Task brief —
Quote from the first line below through the line that contains "Coil:Heating:Water 'Perimeter_bot_ZN_1 VAV Box Reheat Coil'", both included, and leave the pictures out.

Items from a data source —
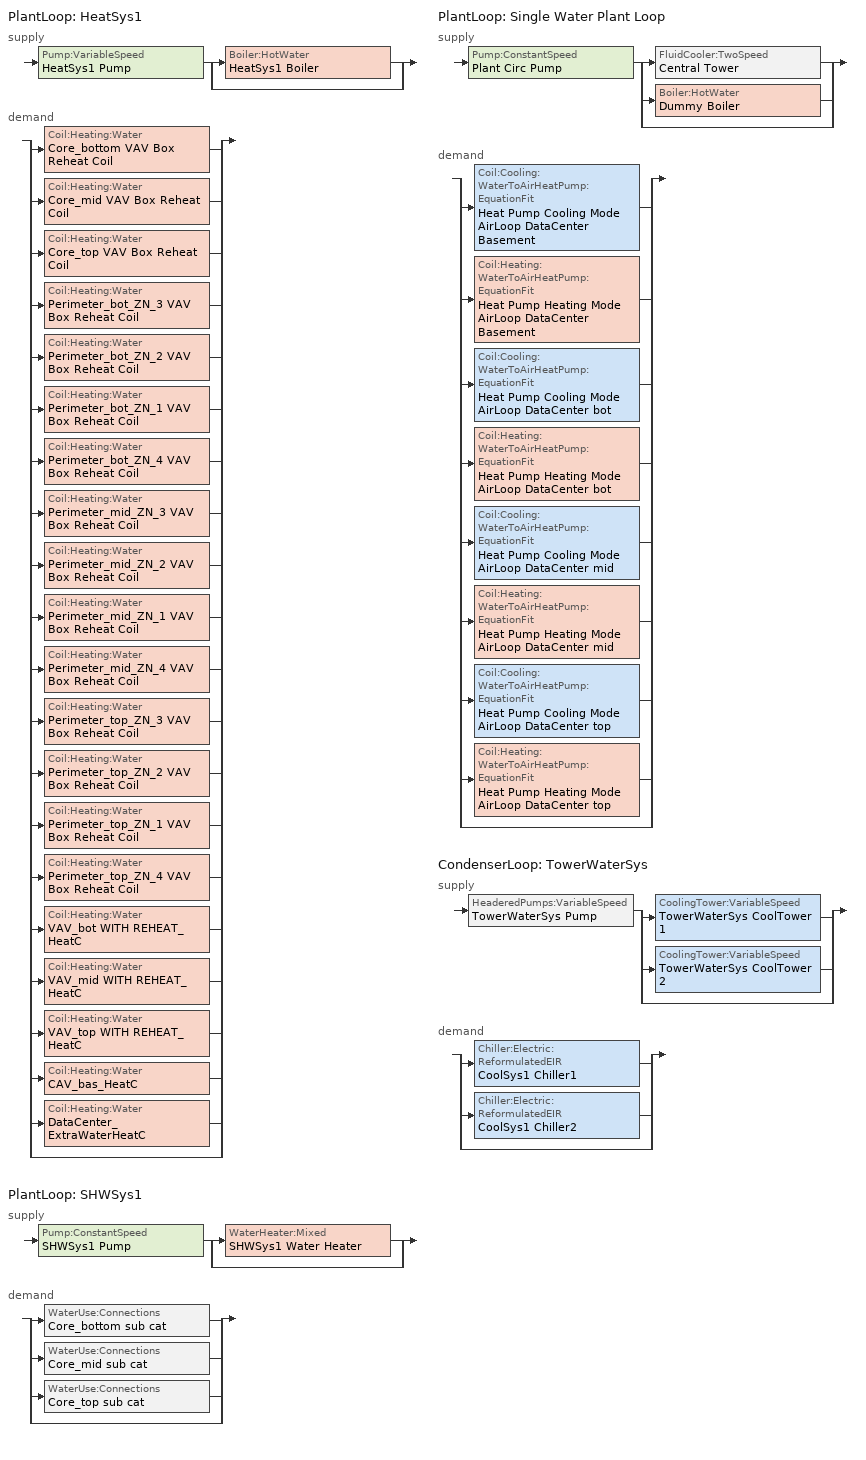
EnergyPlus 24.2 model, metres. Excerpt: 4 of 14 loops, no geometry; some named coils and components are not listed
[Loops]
PlantLoop 'HeatSys1'
 supply: Pump:VariableSpeed 'HeatSys1 Pump' > split
  | Boiler:HotWater 'HeatSys1 Boiler'
  | bypass
 demand: split
  | Coil:Heating:Water 'Core_bottom VAV Box Reheat Coil'
  | Coil:Heating:Water 'Core_mid VAV Box Reheat Coil'
  | Coil:Heating:Water 'Core_top VAV Box Reheat Coil'
  | Coil:Heating:Water 'Perimeter_bot_ZN_3 VAV Box Reheat Coil'
  | Coil:Heating:Water 'Perimeter_bot_ZN_2 VAV Box Reheat Coil'
  | Coil:Heating:Water 'Perimeter_bot_ZN_1 VAV Box Reheat Coil'
  | Coil:Heating:Water 'Perimeter_bot_ZN_4 VAV Box Reheat Coil'
  | Coil:Heating:Water 'Perimeter_mid_ZN_3 VAV Box Reheat Coil'
  | Coil:Heating:Water 'Perimeter_mid_ZN_2 VAV Box Reheat Coil'
  | Coil:Heating:Water 'Perimeter_mid_ZN_1 VAV Box Reheat Coil'
  | Coil:Heating:Water 'Perimeter_mid_ZN_4 VAV Box Reheat Coil'
  | Coil:Heating:Water 'Perimeter_top_ZN_3 VAV Box Reheat Coil'
  | Coil:Heating:Water 'Perimeter_top_ZN_2 VAV Box Reheat Coil'
  | Coil:Heating:Water 'Perimeter_top_ZN_1 VAV Box Reheat Coil'
  | Coil:Heating:Water 'Perimeter_top_ZN_4 VAV Box Reheat Coil'
  | Coil:Heating:Water 'VAV_bot WITH REHEAT_HeatC'
  | Coil:Heating:Water 'VAV_mid WITH REHEAT_HeatC'
  | Coil:Heating:Water 'VAV_top WITH REHEAT_HeatC'
  | Coil:Heating:Water 'CAV_bas_HeatC'
  | Coil:Heating:Water 'DataCenter_ExtraWaterHeatC'
  | bypass
PlantLoop 'SHWSys1'
 supply: Pump:ConstantSpeed 'SHWSys1 Pump' > split
  | WaterHeater:Mixed 'SHWSys1 Water Heater'
  | bypass
 demand: split
  | WaterUse:Connections 'Core_bottom sub cat'
  | WaterUse:Connections 'Core_mid sub cat'
  | WaterUse:Connections 'Core_top sub cat'
  | bypass
PlantLoop 'Single Water Plant Loop'
 supply: Pump:ConstantSpeed 'Plant Circ Pump' > split
  | FluidCooler:TwoSpeed 'Central Tower'
  | Boiler:HotWater 'Dummy Boiler'
  | bypass
 demand: split
  | Coil:Cooling:WaterToAirHeatPump:EquationFit 'Heat Pump Cooling Mode AirLoop DataCenter Basement'
  | Coil:Heating:WaterToAirHeatPump:EquationFit 'Heat Pump Heating Mode AirLoop DataCenter Basement'
  | Coil:Cooling:WaterToAirHeatPump:EquationFit 'Heat Pump Cooling Mode AirLoop DataCenter bot'
  | Coil:Heating:WaterToAirHeatPump:EquationFit 'Heat Pump Heating Mode AirLoop DataCenter bot'
  | Coil:Cooling:WaterToAirHeatPump:EquationFit 'Heat Pump Cooling Mode AirLoop DataCenter mid'
  | Coil:Heating:WaterToAirHeatPump:EquationFit 'Heat Pump Heating Mode AirLoop DataCenter mid'
  | Coil:Cooling:WaterToAirHeatPump:EquationFit 'Heat Pump Cooling Mode AirLoop DataCenter top'
  | Coil:Heating:WaterToAirHeatPump:EquationFit 'Heat Pump Heating Mode AirLoop DataCenter top'
  | bypass
CondenserLoop 'TowerWaterSys'
 supply: HeaderedPumps:VariableSpeed 'TowerWaterSys Pump' > split
  | CoolingTower:VariableSpeed 'TowerWaterSys CoolTower 1'
  | CoolingTower:VariableSpeed 'TowerWaterSys CoolTower 2'
  | bypass
 demand: split
  | Chiller:Electric:ReformulatedEIR 'CoolSys1 Chiller1'
  | Chiller:Electric:ReformulatedEIR 'CoolSys1 Chiller2'
  | bypass
[Boiler:HotWater] Design water flow rate=Autosize; Efficiency curve temperature evaluation variable=LeavingBoiler; Fuel type=NaturalGas; Maximum part load ratio=1.2; Minimum part load ratio=0; Optimum part load ratio=1; Water outlet upper temperature limit=95
Name | Boiler flow mode | Nominal capacity | Nominal thermal efficiency | Normalized boiler efficiency curve
Dummy Boiler | ConstantFlow | 93894.07 | 0.8 | Dummy Boiler Efficiency Curve
HeatSys1 Boiler | LeavingSetpointModulated | 1.61462e+06 | 0.8125 | HeatSys1 Boiler Efficiency Curve
[Coil:Cooling:WaterToAirHeatPump:EquationFit] Fan delay time=60; Gross rated sensible cooling capacity=Autosize; Gross rated total cooling capacity=Autosize; Latent capacity time constant=60; Maximum cycling rate=2.5; Nominal time for condensate removal to begin=0; Part load fraction correlation curve=HPACCOOLPLFFPLR; Rated air flow rate=Autosize; Rated entering air dry bulb temperature=27; Rated entering air wet bulb temperature=19; Rated entering water temperature=30; Rated water flow rate=Autosize; Ratio of initial moisture evaporation rate and steady state latent capacity=0
Name | Cooling power consumption curve | Gross rated cooling cop | Sensible cooling capacity curve | Total cooling capacity curve
Heat Pump Cooling Mode AirLoop DataCenter Basement | WAHPCoolPowCurve 1 | 3.87874 | WAHPCoolCapCurveSens 1 | WAHPCoolCapCurveTot 1
Heat Pump Cooling Mode AirLoop DataCenter bot | WAHPCoolPowCurve 2 | 4.00526 | WAHPCoolCapCurveSens 2 | WAHPCoolCapCurveTot 2
Heat Pump Cooling Mode AirLoop DataCenter mid | WAHPCoolPowCurve 3 | 4.00526 | WAHPCoolCapCurveSens 3 | WAHPCoolCapCurveTot 3
Heat Pump Cooling Mode AirLoop DataCenter top | WAHPCoolPowCurve 4 | 4.00526 | WAHPCoolCapCurveSens 4 | WAHPCoolCapCurveTot 4
[Coil:Heating:Water] Availability schedule=ALWAYS_ON; Maximum water flow rate=Autosize; Performance input method=UFactorTimesAreaAndDesignWaterFlowRate; Rated capacity=Autosize; Rated inlet air temperature=12.8; Rated inlet water temperature=82.2; Rated outlet air temperature=40; Rated outlet water temperature=71.1; U factor times area value=Autosize
Core_bottom VAV Box Reheat Coil; Core_mid VAV Box Reheat Coil; Core_top VAV Box Reheat Coil; Perimeter_bot_ZN_1 VAV Box Reheat Coil; Perimeter_bot_ZN_2 VAV Box Reheat Coil; Perimeter_bot_ZN_3 VAV Box Reheat Coil; Perimeter_bot_ZN_4 VAV Box Reheat Coil; Perimeter_mid_ZN_1 VAV Box Reheat Coil; Perimeter_mid_ZN_2 VAV Box Reheat Coil; Perimeter_mid_ZN_3 VAV Box Reheat Coil; Perimeter_mid_ZN_4 VAV Box Reheat Coil; Perimeter_top_ZN_1 VAV Box Reheat Coil; Perimeter_top_ZN_2 VAV Box Reheat Coil; Perimeter_top_ZN_3 VAV Box Reheat Coil; Perimeter_top_ZN_4 VAV Box Reheat Coil
[Coil:Heating:WaterToAirHeatPump:EquationFit] Gross rated heating capacity=Autosize; Gross rated heating cop=4.2; Part load fraction correlation curve=HPACHEATPLFFPLR; Rated air flow rate=Autosize; Rated entering air dry bulb temperature=20; Rated entering water temperature=20; Rated water flow rate=Autosize; Ratio of rated heating capacity to rated cooling capacity=1
Name | Heating capacity curve | Heating power consumption curve
Heat Pump HEATING Mode AirLoop DataCenter Basement | WAHPHeatCapCurve 1 | WAHPHeatPowCurve 1
Heat Pump HEATING Mode AirLoop DataCenter bot | WAHPHeatCapCurve 2 | WAHPHeatPowCurve 2
Heat Pump HEATING Mode AirLoop DataCenter mid | WAHPHeatCapCurve 3 | WAHPHeatPowCurve 3
Heat Pump HEATING Mode AirLoop DataCenter top | WAHPHeatCapCurve 4 | WAHPHeatPowCurve 4
[CondenserEquipmentList]
TowerWaterSys Equipment List 1: TowerWaterSys CoolTower 1, CoolingTower:VariableSpeed
TowerWaterSys Equipment List 2: TowerWaterSys CoolTower 1, CoolingTower:VariableSpeed, TowerWaterSys CoolTower 2, CoolingTower:VariableSpeed
[CondenserEquipmentOperationSchemes]
TowerWaterSys Loop Operation Scheme List: Control scheme 1=TowerWaterSys Operation Scheme; Control scheme 1 schedule=PlantOnSched
[CondenserLoop]
TowerWaterSys: Condenser equipment operation scheme=TowerWaterSys Loop Operation Scheme List; Condenser loop volume=Autocalculate; Fluid type=Water; Load distribution scheme=SequentialLoad; Maximum loop flow rate=Autosize; Maximum loop temperature=80; Minimum loop flow rate=0; Minimum loop temperature=5
[CoolingTower:VariableSpeed] Cell control=MaximalCell; Design air flow rate=Autosize; Design approach temperature=5.55556; Design fan power=14519.5; Design inlet air wet bulb temperature=20; Design range temperature=5.55556; Design water flow rate=0.041082; Fan power ratio function of air flow rate ratio curve=Tower_Fan_Curve; Fraction of tower capacity in free convection regime=0.125; Minimum air flow rate ratio=0.2; Model type=CoolToolsCrossFlow; Number of cells=2; Sizing factor=1
TowerWaterSys CoolTower 1; TowerWaterSys CoolTower 2
[EnergyManagementSystem:Sensor]
Name | Output variable or output meter index key | Output variable or output meter
BoilerPLR | HeatSys1 Boiler | Boiler Part Load Ratio
DataCenter_CLG_SP | Cooling Coil Air Outlet Node AirLoop DataCenter Basement | System Node Setpoint Temperature
DataCenter_FanMassFlow | AirLoop DataCenter Basement Supply Fan Outlet | System Node Mass Flow Rate
Tower_PumpMassFlow | TowerWaterSys Supply Inlet Node | System Node Mass Flow Rate
[FluidCooler:TwoSpeed]
Central Tower: Design entering air temperature=35; Design entering air wet bulb temperature=25.6; Design entering water temperature=51.67; Design water flow rate=Autosize; High fan speed air flow rate=Autosize; High fan speed fan power=43776.2; High speed nominal capacity=582060; Low fan speed air flow rate=Autocalculate; Low fan speed air flow rate sizing factor=0.5; Low fan speed fan power=Autocalculate; Low fan speed fan power sizing factor=0.16; Low fan speed u factor times area sizing factor=0.6; Low speed nominal capacity=291030; Low speed nominal capacity sizing factor=0.5; Performance input method=NominalCapacity
[HeaderedPumps:VariableSpeed]
TowerWaterSys Pump: Design power consumption=Autosize; Design pump head=148557; Flow sequencing control scheme=Sequential; Fraction of motor inefficiencies to fluid stream=0; Minimum flow rate fraction=0; Motor efficiency=0.909; Number of pumps in bank=2; Pump control type=Intermittent; Total design flow rate=Autosize; Coefficient 1 of the part load performance curve=0; Coefficient 2 of the part load performance curve=0.0216; Coefficient 3 of the part load performance curve=-0.0325; Coefficient 4 of the part load performance curve=1.0095
[PlantEquipmentList]
HeatSys1 Equipment List: HeatSys1 Boiler, Boiler:HotWater
SHWSys1 Equipment List: SHWSys1 Water Heater, WaterHeater:Mixed
[PlantEquipmentOperation:ComponentSetpoint]
WSHPPlant Operation Scheme: Component 1 flow rate=Autosize; Component 2 flow rate=Autosize; Equipment 1=Central Tower; Equipment 2=Dummy Boiler; Operation 1 type=Cooling; Operation 2 type=Heating
[PlantEquipmentOperation:CoolingLoad]
TowerWaterSys Operation Scheme: Load range 1 lower limit=0; Load range 1 upper limit=999071; Load range 2 lower limit=999071; Load range 2 upper limit=1e+14; Range 1 equipment list=TowerWaterSys Equipment List 1; Range 2 equipment list=TowerWaterSys Equipment List 2
[PlantEquipmentOperation:HeatingLoad] Load range 1 lower limit=0; Load range 1 upper limit=1e+15
Name | Range 1 equipment list
HeatSys1 Operation Scheme | HeatSys1 Equipment List
SHWSys1 Operation Scheme | SHWSys1 Equipment List
[PlantEquipmentOperationSchemes]
Name | Control scheme 1 | Control scheme 1 schedule
HeatSys1 Loop Operation Scheme List | HeatSys1 Operation Scheme | PlantOnSched
Plant Loop Operation | WSHPPlant Operation Scheme | Always_On
SHWSys1 Loop Operation Scheme List | SHWSys1 Operation Scheme | PlantOnSched
[PlantLoop] Maximum loop flow rate=Autosize; Minimum loop flow rate=0; Minimum loop temperature=10; Plant loop volume=Autocalculate
Name | Fluid type | Load distribution scheme | Maximum loop temperature | Plant equipment operation scheme | Plant loop demand calculation scheme | User defined fluid type
HeatSys1 | Water | Optimal | 100 | HeatSys1 Loop Operation Scheme List
SHWSys1 | Water | Optimal | 60 | SHWSys1 Loop Operation Scheme List
Single Water Plant Loop | UserDefinedFluidType | SequentialLoad | 35 | Plant Loop Operation | DualSetpointDeadband | EthyleneGlycol40Percent
[Pump:ConstantSpeed] Design flow rate=Autosize; Design power consumption=Autosize; Fraction of motor inefficiencies to fluid stream=0; Pump control type=Intermittent
Name | Design pump head | Motor efficiency
Plant Circ Pump | 179045 | 0.909
SHWSys1 Pump | 29891 | 0.3
[Pump:VariableSpeed]
HeatSys1 Pump: Design maximum flow rate=Autosize; Design minimum flow rate=0; Design power consumption=Autosize; Design pump head=179352; Fraction of motor inefficiencies to fluid stream=0; Motor efficiency=0.909; Pump control type=Intermittent; Coefficient 1 of the part load performance curve=0; Coefficient 2 of the part load performance curve=0.0205; Coefficient 3 of the part load performance curve=0.4101; Coefficient 4 of the part load performance curve=0.5753
[SetpointManager:Scheduled] Control variable=Temperature
Name | Schedule | Setpoint node or nodelist
HeatSys1 Boiler Setpoint Manager | HW-Loop-Temp-Schedule | HeatSys1 Supply Equipment Outlet Node
HeatSys1 Loop Setpoint Manager | HW-Loop-Temp-Schedule | HeatSys1 Supply Outlet Node
SHWSys1 Loop Setpoint Manager | SHWSys1-Loop-Temp-Schedule | SHWSys1 Supply Outlet Node
TowerWaterSystem Loop Setpoint Manager | Tower-Loop-Temp-Schedule | TowerWaterSys Supply Outlet Node
[SetpointManager:Scheduled:DualSetpoint]
Water Loop Setpoint Manager: Control variable=Temperature; High setpoint schedule=PLANT LOOP HIGH TEMP SCHEDULE; Low setpoint schedule=PLANT LOOP LOW TEMP SCHEDULE; Setpoint node or nodelist=Plant Supply Outlet Node
[Sizing:Plant]
Name | Design loop exit temperature | Loop design temperature difference | Loop type | Coincident sizing factor mode | Sizing option | Zone timesteps in averaging window
SHWSys1 | 60 | 5 | Heating
HeatSys1 | 82 | 11 | Heating
TowerWaterSys | 29.4444 | 5.55556 | Condenser | GlobalCoolingSizingFactor | Coincident | 6
Single Water Plant Loop | 39 | 11 | Heating
[WaterHeater:Mixed]
SHWSys1 Water Heater: Ambient temperature indicator=Zone; Ambient temperature zone=BASEMENT; Deadband temperature difference=2; Heater control type=Cycle; Heater fuel type=NaturalGas; Heater maximum capacity=87921.32; Heater thermal efficiency=0.803989; Indirect water heating recovery time=1.5; Maximum temperature limit=82.2222; Off cycle loss coefficient to ambient temperature=11.2541; Off cycle parasitic fuel consumption rate=7280.88; Off cycle parasitic fuel type=NaturalGas; Off cycle parasitic heat fraction to tank=0.8; On cycle loss coefficient to ambient temperature=11.2541; On cycle parasitic fuel consumption rate=7280.88; On cycle parasitic fuel type=NaturalGas; Setpoint temperature schedule=SHWSys1 Water Heater Setpoint Temperature Schedule; Source side design flow rate=Autosize; Source side effectiveness=1; Tank volume=1.135624; Use side design flow rate=Autosize; Use side effectiveness=1
[WaterUse:Connections]
Name | Water use equipment name 1
Core_bottom sub cat | Core_bottom sub cat
Core_mid sub cat | Core_mid sub cat
Core_top sub cat | Core_top sub cat
[WaterUse:Equipment] End use subcategory=WaterUse; Flow rate fraction schedule=BLDG_SWH_SCH; Peak flow rate=3.66667e-05
Name | Zone | Hot water supply temperature schedule | Latent fraction schedule | Sensible fraction schedule
Core_bottom sub cat | Core_bottom | Core_bottom sub catHot Supply Temp Sched | Core_bottom sub cat Latent fract sched | Core_bottom sub cat Sensible fract sched
Core_mid sub cat | Core_mid | Core_mid sub catHot Supply Temp Sched | Core_mid sub cat Latent fract sched | Core_mid sub cat Sensible fract sched
Core_top sub cat | Core_top | Core_top sub catHot Supply Temp Sched | Core_top sub cat Latent fract sched | Core_top sub cat Sensible fract sched
[Curve:Cubic]
Tower_Fan_Curve: Maximum value of x=1; Minimum value of x=0; Coefficient1 constant=0; Coefficient2 x=0; Coefficient3 x 2=0; Coefficient4 x 3=1
[Curve:QuadLinear] Maximum value of w=100; Maximum value of x=100; Maximum value of y=100; Maximum value of z=100; Minimum value of w=-100; Minimum value of x=-100; Minimum value of y=-100; Minimum value of z=-100
Name | Coefficient1 constant | Coefficient2 w | Coefficient3 x | Coefficient4 y | Coefficient5 z
WAHPCoolCapCurveTot 1; WAHPCoolCapCurveTot 2; WAHPCoolCapCurveTot 3; WAHPCoolCapCurveTot 4 | -4.50025 | 7.51533 | -2.3423 | 0.146425 | 0.107374
WAHPCoolPowCurve 1; WAHPCoolPowCurve 2; WAHPCoolPowCurve 3; WAHPCoolPowCurve 4 | -5.64271 | 0.436278 | 5.80919 | 0.140731 | -0.167686
WAHPHeatCapCurve 1; WAHPHeatCapCurve 2; WAHPHeatCapCurve 3; WAHPHeatCapCurve 4 | 0.235574 | -3.32614 | 3.77003 | 0.177488 | 0.127378
WAHPHeatPowCurve 1; WAHPHeatPowCurve 2; WAHPHeatPowCurve 3; WAHPHeatPowCurve 4 | -3.82822 | 3.42058 | 1.51671 | -0.179362 | -0.104071
[Curve:Quadratic] Maximum value of x=1; Minimum value of x=0; Coefficient3 x 2=0
Name | Coefficient1 constant | Coefficient2 x
Dummy Boiler Efficiency Curve; HeatSys1 Boiler Efficiency Curve | 1 | 0
HPACCOOLPLFFPLR; HPACHEATPLFFPLR | 0.75 | 0.25
[Curve:QuintLinear] Maximum value of v=100; Maximum value of w=100; Maximum value of x=100; Maximum value of y=100; Maximum value of z=100; Minimum value of v=-100; Minimum value of w=-100; Minimum value of x=-100; Minimum value of y=-100; Minimum value of z=-100; Coefficient1 constant=5.6764; Coefficient2 v=21.4026; Coefficient3 w=-25.3427; Coefficient4 x=-1.63025; Coefficient5 y=0.464032; Coefficient6 z=0.0655524
WAHPCoolCapCurveSens 1; WAHPCoolCapCurveSens 2; WAHPCoolCapCurveSens 3; WAHPCoolCapCurveSens 4
[Schedule:Compact]
ALWAYS_ON; PlantOnSched: Through: 12/31, For: AllDays, Until: 24:00, 1
BLDG_SWH_SCH: Through: 12/31, For: Weekdays SummerDesignDay, Until: 05:00, 0, Until: 06:00, 0, Until: 07:00, 0.07, Until: 08:00, 0.19, Until: 09:00, 0.35, Until: 10:00, 0.38, Until: 11:00, 0.39, Until: 12:00, 0.47, Until: 13:00, 0.57, Until: 14:00, 0.54, Until: 15:00, 0.34, Until: 16:00, 0.33, Until: 17:00, 0.44, Until: 18:00, 0.26, Until: 19:00, 0.21, Until: 20:00, 0.15, Until: 21:00, 0.17, Until: 22:00, 0.08, Until: 24:00, 0.05, For: Saturday WinterDesignDay, Until: 05:00, 0, Until: 06:00, 0, Until: 07:00, 0.07, Until: 08:00, 0.11, Until: 09:00, 0.15, Until: 10:00, 0.21, Until: 11:00, 0.19, Until: 12:00, 0.23, Until: 13:00, 0.2, Until: 14:00, 0.19, Until: 15:00, 0.15, Until: 16:00, 0.13, Until: 17:00, 0.14, Until: 21:00, 0.07, Until: 22:00, 0.09, Until: 24:00, 0.05, For: Sunday Holidays AllOtherDays, Until: 06:00, 0, Until: 07:00, 0.07, Until: 11:00, 0.04, Until: 13:00, 0.06, Until: 14:00, 0.09, Until: 15:00, 0.06, Until: 21:00, 0.04, Until: 22:00, 0.07, Until: 24:00, 0.04
Core_bottom sub cat Latent fract sched; Core_mid sub cat Latent fract sched; Core_top sub cat Latent fract sched: Through: 12/31, For: AllDays, Until: 24:00, 0.05
Core_bottom sub cat Sensible fract sched; Core_mid sub cat Sensible fract sched; Core_top sub cat Sensible fract sched: Through: 12/31, For: AllDays, Until: 24:00, 0.2
Core_bottom sub catHot Supply Temp Sched; Core_mid sub catHot Supply Temp Sched; Core_top sub catHot Supply Temp Sched: Through: 12/31, For: AllDays, Until: 24:00, 55
HW-Loop-Temp-Schedule: Through: 12/31, For: AllDays, Until: 24:00, 82
PLANT LOOP HIGH TEMP SCHEDULE: Through: 12/31, For: Alldays, Until: 24:00, 18.33
PLANT LOOP LOW TEMP SCHEDULE: Through: 12/31, For: Alldays, Until: 24:00, 5
SHWSys1 Water Heater Setpoint Temperature Schedule; SHWSys1-Loop-Temp-Schedule: Through: 12/31, For: AllDays, Until: 24:00, 60
Tower-Loop-Temp-Schedule: Through: 12/31, For: AllDays, Until: 24:00, 21.1

Worked solution —
EnergyPlus 24.2 model, metres. Excerpt: 4 of 14 loops, no geometry; some named coils and components are not listed
[Loops]
PlantLoop 'HeatSys1'
 supply: Pump:VariableSpeed 'HeatSys1 Pump' > split
  | Boiler:HotWater 'HeatSys1 Boiler'
  | bypass
 demand: split
  | Coil:Heating:Water 'Core_bottom VAV Box Reheat Coil'
  | Coil:Heating:Water 'Core_mid VAV Box Reheat Coil'
  | Coil:Heating:Water 'Core_top VAV Box Reheat Coil'
  | Coil:Heating:Water 'Perimeter_bot_ZN_3 VAV Box Reheat Coil'
  | Coil:Heating:Water 'Perimeter_bot_ZN_2 VAV Box Reheat Coil'
  | Coil:Heating:Water 'Perimeter_bot_ZN_1 VAV Box Reheat Coil'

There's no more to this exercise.